**Requirement**
Every line from the top of the records through the one bearing "0, 0)), mode=Mode.PRIVATE)" is to be reproduced exactly, and pictures are to be left out.

__________________________________________________

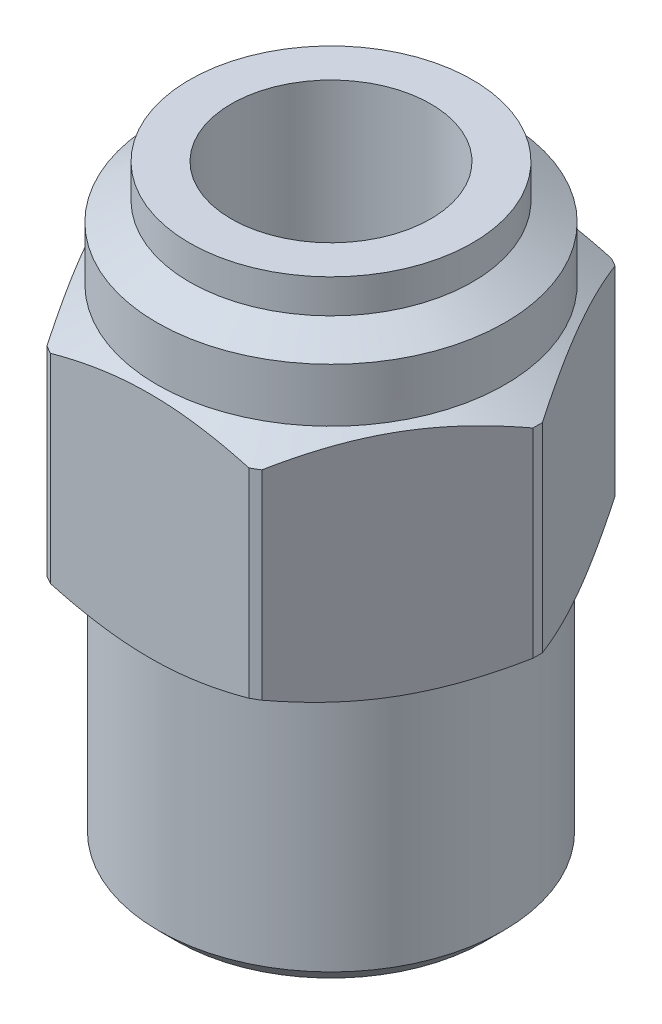
from build123d import *

# Parameters (mm, degrees)
CUT_EXTRUDE1_DEPTH = 19.363823131
CHAMFER1_SIZE      = 0.5


with BuildPart() as part:
    # Sketch1 → Revolve1 (revolve)
    with BuildSketch(Plane(origin=(0, 0, 0), x_dir=(0, 0, -1), z_dir=(1, 0, 0)), mode=Mode.PRIVATE) as revolve1_sk:
        Polygon((4.75, 0), (4.75, 7), (5.7, 7.548482756), (5.7, 13.048482756), (4.8, 13.568097998), (4.8, 15.048482756), (3.9, 15.568097998), (3.9, 16.5), (2.75, 16.5), (2.75, 10.298482756), (2.2, 9.980940108), (2.2, 4.235085296), (3.3, 3.6), (3.3, 0), align=None)
    revolve(revolve1_sk.sketch.rotate(Axis((0, 19.630565864, 0), (0, -1, 0)), 180), axis=Axis((0, 19.630565864, 0), (0, -1, 0)))

    # Sketch2 → Cut-Extrude1 (cut, through all)
    with BuildSketch(Plane(origin=(0, 16.5, 0), x_dir=(1, 0, 0), z_dir=(0, 1, 0))):
        with BuildLine():
            Line((-2.886751346, 5), (2.886751346, 5))
            ThreePointArc((2.886751346, 5), (0, 5.773502692), (-2.886751346, 5))
        make_face()
        with BuildLine():
            Line((-5.773502692, 0), (-2.886751346, 5))
            ThreePointArc((-2.886751346, 5), (-5, 2.886751346), (-5.773502692, 0))
        make_face()
        with BuildLine():
            Line((-2.886751346, -5), (-5.773502692, 0))
            ThreePointArc((-5.773502692, 0), (-5, -2.886751346), (-2.886751346, -5))
        make_face()
        with BuildLine():
            ThreePointArc((-2.886751346, -5), (0, -5.773502692), (2.886751346, -5))
            Line((2.886751346, -5), (-2.886751346, -5))
        make_face()
        with BuildLine():
            ThreePointArc((2.886751346, -5), (5, -2.886751346), (5.773502692, 0))
            Line((5.773502692, 0), (2.886751346, -5))
        make_face()
        with BuildLine():
            ThreePointArc((5.773502692, 0), (5, 2.886751346), (2.886751346, 5))
            Line((2.886751346, 5), (5.773502692, 0))
        make_face()
    extrude(amount=-CUT_EXTRUDE1_DEPTH, mode=Mode.SUBTRACT)

    # Chamfer1
    chamfer1_edges = [part.edges().sort_by_distance(p)[0] for p in [
        (0, 0, -4.75),
    ]]
    chamfer(chamfer1_edges, length=CHAMFER1_SIZE)


solid = part.part

__________________________________________________

**Finished task**
from build123d import *

# Parameters (mm, degrees)
CUT_EXTRUDE1_DEPTH = 19.363823131
CHAMFER1_SIZE      = 0.5


with BuildPart() as part:
    # Sketch1 → Revolve1 (revolve)
    with BuildSketch(Plane(origin=(0, 0, 0), x_dir=(0, 0, -1), z_dir=(1, 0, 0)), mode=Mode.PRIVATE) as revolve1_sk:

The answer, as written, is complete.